■ PROBLEM REQUIREMENTS: Output exactly the lines from the one with "about plane through" through the last line of the data below, both included, and nothing more.

■ DATA RECORDS:
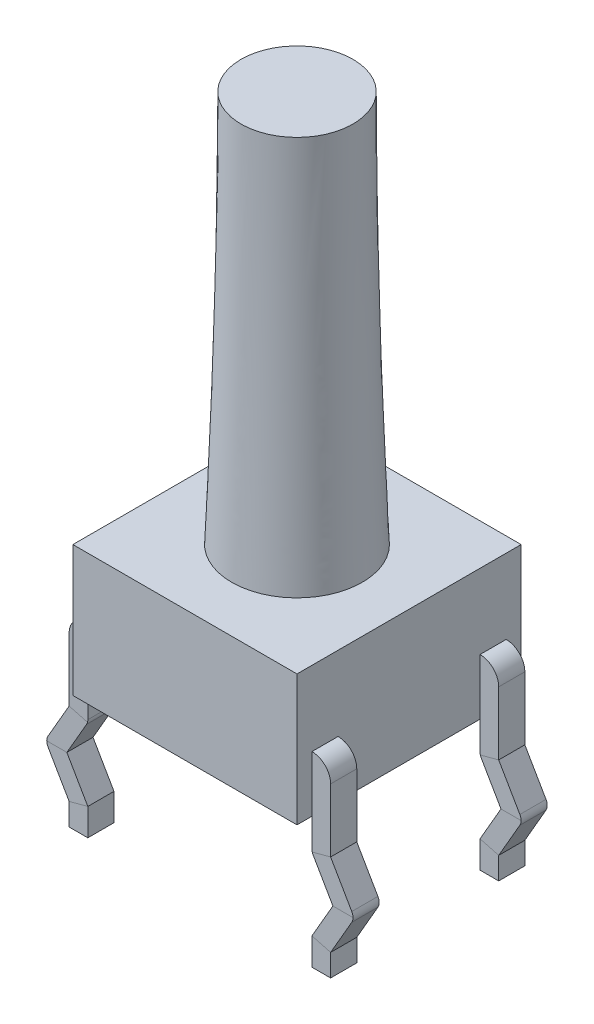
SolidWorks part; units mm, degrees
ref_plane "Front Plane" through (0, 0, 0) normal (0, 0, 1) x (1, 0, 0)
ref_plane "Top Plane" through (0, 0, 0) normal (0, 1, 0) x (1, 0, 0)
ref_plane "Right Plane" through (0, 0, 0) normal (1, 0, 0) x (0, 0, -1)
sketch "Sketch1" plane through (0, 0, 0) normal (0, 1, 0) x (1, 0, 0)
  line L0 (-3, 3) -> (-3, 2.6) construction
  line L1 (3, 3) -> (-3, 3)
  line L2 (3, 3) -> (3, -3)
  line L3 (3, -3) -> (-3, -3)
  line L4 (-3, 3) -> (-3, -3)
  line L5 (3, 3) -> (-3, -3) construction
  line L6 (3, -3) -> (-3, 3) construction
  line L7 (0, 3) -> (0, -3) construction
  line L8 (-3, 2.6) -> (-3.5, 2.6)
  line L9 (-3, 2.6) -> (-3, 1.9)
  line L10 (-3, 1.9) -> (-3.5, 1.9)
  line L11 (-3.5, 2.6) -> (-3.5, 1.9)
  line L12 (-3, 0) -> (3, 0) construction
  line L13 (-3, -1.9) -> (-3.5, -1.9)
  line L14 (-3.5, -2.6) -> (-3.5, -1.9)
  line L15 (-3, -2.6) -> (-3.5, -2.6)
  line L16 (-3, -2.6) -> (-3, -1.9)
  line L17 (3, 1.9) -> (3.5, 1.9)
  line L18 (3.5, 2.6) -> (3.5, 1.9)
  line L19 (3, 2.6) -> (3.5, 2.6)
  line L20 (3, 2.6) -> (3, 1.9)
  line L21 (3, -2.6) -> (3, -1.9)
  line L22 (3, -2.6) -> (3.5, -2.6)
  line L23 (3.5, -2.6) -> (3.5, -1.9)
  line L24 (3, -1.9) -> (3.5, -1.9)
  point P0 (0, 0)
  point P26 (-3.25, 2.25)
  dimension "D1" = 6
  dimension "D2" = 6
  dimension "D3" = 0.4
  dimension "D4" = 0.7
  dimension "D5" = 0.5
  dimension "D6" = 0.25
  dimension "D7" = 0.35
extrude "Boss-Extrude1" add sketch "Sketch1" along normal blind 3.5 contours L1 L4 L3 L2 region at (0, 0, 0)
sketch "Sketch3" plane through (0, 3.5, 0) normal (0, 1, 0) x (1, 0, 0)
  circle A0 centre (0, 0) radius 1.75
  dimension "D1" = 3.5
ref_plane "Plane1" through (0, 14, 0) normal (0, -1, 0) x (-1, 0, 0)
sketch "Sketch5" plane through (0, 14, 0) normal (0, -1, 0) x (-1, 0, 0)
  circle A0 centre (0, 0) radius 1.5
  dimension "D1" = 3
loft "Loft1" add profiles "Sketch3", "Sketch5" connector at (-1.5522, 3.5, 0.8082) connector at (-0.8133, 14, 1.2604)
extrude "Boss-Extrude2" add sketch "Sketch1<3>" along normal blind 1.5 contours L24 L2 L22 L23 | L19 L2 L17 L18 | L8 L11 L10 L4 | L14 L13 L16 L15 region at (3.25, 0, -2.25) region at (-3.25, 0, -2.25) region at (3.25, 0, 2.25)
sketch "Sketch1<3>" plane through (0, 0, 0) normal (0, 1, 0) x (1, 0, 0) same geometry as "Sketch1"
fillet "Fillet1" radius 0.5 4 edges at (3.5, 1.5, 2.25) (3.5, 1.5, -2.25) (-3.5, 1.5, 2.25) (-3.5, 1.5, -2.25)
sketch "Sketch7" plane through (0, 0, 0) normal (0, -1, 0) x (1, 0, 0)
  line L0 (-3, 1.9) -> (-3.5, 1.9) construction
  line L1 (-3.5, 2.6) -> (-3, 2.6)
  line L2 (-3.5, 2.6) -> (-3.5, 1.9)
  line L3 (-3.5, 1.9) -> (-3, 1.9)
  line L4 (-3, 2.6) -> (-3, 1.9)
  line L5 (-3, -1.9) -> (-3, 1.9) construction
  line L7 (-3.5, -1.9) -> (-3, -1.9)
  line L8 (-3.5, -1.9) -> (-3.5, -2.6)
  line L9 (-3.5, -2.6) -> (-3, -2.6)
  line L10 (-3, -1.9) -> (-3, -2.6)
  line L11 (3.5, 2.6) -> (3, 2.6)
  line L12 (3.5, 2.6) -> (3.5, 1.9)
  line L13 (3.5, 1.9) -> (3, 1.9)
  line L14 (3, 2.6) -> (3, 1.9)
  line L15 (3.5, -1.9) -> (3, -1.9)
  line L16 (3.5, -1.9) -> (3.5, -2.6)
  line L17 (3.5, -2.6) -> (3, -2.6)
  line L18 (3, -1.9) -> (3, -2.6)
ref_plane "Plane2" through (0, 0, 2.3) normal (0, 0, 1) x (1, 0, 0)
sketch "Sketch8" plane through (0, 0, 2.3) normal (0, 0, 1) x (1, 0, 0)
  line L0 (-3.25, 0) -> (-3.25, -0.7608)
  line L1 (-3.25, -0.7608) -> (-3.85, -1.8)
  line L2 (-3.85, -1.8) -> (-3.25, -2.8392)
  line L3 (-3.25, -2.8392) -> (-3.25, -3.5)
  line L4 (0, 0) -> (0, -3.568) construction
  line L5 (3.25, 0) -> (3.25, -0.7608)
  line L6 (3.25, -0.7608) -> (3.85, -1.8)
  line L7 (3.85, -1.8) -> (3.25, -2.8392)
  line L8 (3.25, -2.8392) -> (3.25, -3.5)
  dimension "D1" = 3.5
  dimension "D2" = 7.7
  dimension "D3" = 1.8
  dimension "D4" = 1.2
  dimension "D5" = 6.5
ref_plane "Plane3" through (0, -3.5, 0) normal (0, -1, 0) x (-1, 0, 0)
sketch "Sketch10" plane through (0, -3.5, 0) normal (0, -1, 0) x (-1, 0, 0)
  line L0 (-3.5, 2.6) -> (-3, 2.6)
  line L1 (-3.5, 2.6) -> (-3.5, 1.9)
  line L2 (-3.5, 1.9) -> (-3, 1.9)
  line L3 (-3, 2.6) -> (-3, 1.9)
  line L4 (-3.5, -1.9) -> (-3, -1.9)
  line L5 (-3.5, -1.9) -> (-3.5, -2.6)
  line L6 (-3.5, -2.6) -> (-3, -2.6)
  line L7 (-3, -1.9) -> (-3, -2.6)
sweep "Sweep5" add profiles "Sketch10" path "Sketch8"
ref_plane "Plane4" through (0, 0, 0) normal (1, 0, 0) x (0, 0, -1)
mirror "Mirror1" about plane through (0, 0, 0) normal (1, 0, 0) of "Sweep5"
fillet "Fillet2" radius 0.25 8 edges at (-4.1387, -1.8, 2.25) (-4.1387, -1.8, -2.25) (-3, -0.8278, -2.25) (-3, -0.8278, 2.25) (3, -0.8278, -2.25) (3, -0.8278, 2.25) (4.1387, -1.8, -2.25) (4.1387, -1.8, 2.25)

■ FINAL ANSWER:
mirror "Mirror1" about plane through (0, 0, 0) normal (1, 0, 0) of "Sweep5"
fillet "Fillet2" radius 0.25 8 edges at (-4.1387, -1.8, 2.25) (-4.1387, -1.8, -2.25) (-3, -0.8278, -2.25) (-3, -0.8278, 2.25) (3, -0.8278, -2.25) (3, -0.8278, 2.25) (4.1387, -1.8, -2.25) (4.1387, -1.8, 2.25)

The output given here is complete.